Task item — Give back, word for word, only the lines from the opening of the records through the one with "for name, color, linetype in". Pictures stay out.

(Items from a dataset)
----------

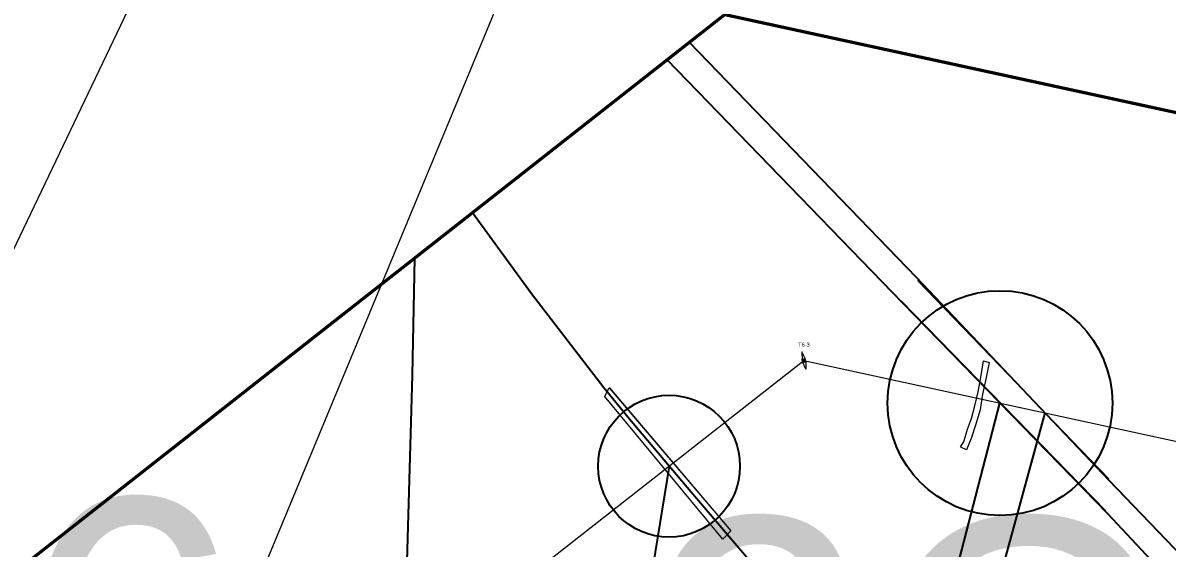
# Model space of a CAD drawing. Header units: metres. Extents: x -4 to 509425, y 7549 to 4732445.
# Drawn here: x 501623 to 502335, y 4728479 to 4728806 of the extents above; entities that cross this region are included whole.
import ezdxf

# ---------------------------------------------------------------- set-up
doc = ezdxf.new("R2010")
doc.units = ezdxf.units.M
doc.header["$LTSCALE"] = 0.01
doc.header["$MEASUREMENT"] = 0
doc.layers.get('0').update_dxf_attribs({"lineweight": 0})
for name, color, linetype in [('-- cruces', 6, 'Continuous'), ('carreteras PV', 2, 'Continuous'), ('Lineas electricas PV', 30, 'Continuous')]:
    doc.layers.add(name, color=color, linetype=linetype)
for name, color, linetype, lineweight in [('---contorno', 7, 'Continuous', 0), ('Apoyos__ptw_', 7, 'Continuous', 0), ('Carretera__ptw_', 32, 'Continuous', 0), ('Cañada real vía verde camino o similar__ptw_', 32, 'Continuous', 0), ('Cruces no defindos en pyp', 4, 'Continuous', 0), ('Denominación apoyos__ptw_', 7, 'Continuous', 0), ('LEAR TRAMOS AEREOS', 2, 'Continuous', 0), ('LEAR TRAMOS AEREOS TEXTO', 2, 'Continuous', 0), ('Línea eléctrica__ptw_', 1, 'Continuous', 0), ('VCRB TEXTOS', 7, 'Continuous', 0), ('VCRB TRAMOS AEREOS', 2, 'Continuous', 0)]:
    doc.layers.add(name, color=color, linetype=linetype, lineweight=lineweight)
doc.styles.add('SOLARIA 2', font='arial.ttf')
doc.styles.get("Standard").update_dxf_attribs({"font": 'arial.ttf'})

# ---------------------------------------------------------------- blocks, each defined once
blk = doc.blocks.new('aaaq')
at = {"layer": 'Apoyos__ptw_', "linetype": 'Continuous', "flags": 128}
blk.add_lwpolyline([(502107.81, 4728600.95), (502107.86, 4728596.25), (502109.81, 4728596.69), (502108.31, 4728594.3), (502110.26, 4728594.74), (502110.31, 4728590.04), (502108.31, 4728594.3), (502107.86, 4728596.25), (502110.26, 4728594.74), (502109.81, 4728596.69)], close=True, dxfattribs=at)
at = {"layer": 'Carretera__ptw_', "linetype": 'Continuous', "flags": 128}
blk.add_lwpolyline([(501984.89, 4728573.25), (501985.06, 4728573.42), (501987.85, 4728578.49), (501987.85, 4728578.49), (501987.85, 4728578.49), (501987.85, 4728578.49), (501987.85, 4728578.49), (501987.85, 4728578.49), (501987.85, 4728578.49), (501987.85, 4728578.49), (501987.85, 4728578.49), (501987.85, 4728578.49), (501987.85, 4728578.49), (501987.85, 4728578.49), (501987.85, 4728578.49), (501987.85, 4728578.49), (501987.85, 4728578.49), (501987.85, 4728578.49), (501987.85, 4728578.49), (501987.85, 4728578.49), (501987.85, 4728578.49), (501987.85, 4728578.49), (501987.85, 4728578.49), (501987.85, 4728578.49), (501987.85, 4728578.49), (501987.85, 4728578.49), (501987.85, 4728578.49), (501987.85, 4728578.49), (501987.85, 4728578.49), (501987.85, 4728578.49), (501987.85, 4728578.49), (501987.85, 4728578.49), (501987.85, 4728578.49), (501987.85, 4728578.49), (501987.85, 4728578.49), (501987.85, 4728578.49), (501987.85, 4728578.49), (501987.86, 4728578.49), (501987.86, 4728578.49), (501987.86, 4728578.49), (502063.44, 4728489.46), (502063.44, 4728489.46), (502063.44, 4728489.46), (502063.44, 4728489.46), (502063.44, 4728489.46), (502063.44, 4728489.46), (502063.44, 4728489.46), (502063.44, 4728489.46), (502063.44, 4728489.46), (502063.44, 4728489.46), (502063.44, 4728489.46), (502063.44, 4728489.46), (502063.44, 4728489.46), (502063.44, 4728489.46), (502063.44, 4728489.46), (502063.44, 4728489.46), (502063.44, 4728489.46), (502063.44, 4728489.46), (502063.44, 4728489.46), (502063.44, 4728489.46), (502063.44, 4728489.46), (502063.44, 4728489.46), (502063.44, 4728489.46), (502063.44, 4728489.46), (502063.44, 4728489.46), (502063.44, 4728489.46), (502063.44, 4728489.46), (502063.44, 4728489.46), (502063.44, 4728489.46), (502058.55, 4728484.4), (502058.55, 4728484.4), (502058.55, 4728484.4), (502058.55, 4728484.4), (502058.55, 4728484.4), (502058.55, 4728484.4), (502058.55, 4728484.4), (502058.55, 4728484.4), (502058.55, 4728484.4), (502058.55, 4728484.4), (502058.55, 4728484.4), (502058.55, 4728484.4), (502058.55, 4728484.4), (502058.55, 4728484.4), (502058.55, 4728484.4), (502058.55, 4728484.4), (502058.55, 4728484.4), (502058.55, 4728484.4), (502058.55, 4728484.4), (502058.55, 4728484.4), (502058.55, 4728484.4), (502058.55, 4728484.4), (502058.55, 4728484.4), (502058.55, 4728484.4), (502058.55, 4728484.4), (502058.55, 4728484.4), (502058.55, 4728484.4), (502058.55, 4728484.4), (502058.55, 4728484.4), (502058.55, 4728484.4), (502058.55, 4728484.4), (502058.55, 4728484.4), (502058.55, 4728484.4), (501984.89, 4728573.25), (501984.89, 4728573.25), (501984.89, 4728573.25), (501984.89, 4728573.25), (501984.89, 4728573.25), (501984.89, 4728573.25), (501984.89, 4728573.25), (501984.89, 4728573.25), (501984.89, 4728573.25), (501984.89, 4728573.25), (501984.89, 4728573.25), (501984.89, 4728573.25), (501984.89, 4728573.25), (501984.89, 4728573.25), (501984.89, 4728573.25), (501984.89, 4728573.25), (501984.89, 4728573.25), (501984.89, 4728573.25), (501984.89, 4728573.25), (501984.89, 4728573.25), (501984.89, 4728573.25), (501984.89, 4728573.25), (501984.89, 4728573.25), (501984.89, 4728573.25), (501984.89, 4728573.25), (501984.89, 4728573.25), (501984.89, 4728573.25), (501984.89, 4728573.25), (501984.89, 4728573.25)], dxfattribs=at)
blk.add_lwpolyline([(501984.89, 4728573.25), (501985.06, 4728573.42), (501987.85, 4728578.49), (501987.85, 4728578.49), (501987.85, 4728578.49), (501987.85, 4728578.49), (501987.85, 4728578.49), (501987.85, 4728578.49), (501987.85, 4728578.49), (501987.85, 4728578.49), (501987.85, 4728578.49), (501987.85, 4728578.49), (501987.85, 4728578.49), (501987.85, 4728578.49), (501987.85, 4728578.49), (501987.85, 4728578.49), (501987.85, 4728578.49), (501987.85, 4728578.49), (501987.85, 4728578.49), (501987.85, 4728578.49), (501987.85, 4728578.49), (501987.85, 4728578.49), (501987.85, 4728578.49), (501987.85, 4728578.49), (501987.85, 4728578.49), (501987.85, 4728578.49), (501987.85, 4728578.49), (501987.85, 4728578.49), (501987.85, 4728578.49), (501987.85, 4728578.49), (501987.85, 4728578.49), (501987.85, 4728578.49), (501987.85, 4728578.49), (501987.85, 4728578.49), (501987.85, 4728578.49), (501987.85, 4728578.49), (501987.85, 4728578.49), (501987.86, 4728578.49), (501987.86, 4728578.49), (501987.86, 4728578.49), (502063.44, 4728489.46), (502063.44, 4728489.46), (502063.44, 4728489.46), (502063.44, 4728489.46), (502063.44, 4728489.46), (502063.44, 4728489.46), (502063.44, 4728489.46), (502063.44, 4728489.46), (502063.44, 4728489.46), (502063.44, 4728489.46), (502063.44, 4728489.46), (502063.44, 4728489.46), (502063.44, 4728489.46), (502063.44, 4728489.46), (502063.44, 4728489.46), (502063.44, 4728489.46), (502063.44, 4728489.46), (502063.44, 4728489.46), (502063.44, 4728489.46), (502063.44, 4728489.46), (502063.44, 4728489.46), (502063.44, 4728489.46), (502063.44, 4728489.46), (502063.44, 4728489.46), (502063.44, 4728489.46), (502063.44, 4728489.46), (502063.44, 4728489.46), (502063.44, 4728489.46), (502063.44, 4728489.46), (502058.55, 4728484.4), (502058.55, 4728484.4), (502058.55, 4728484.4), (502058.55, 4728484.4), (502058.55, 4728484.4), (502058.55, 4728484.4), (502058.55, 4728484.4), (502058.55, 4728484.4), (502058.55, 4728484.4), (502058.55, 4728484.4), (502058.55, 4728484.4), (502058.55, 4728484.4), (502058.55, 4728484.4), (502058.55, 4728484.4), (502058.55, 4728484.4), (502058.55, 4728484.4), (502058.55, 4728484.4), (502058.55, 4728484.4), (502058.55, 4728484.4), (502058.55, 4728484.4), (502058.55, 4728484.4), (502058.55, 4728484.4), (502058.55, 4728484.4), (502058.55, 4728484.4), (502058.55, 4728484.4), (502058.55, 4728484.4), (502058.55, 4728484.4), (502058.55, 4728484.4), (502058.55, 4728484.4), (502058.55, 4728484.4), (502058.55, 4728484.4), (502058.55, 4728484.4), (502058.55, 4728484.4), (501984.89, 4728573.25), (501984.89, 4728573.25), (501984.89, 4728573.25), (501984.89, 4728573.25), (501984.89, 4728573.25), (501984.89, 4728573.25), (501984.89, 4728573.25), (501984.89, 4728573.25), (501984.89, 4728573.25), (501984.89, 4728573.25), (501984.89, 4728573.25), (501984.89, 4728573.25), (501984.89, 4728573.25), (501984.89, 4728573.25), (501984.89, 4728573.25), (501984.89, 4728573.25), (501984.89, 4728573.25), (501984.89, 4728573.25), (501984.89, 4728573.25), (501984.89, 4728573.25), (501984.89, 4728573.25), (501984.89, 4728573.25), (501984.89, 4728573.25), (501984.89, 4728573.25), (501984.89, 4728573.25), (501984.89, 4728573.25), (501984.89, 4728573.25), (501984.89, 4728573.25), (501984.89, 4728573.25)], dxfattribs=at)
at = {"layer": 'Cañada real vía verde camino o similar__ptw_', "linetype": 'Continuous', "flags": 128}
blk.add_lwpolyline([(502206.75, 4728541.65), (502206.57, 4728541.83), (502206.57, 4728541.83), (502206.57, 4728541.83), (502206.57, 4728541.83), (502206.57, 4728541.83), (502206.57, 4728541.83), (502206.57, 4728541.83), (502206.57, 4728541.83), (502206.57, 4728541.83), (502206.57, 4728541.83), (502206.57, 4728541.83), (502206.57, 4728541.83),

----------

Answer below —
# Model space of a CAD drawing. Header units: metres. Extents: x -4 to 509425, y 7549 to 4732445.
# Drawn here: x 501623 to 502335, y 4728479 to 4728806 of the extents above; entities that cross this region are included whole.
import ezdxf

# ---------------------------------------------------------------- set-up
doc = ezdxf.new("R2010")
doc.units = ezdxf.units.M
doc.header["$LTSCALE"] = 0.01
doc.header["$MEASUREMENT"] = 0
doc.layers.get('0').update_dxf_attribs({"lineweight": 0})
for name, color, linetype in [('-- cruces', 6, 'Continuous'), ('carreteras PV', 2, 'Continuous'), ('Lineas electricas PV', 30, 'Continuous')]:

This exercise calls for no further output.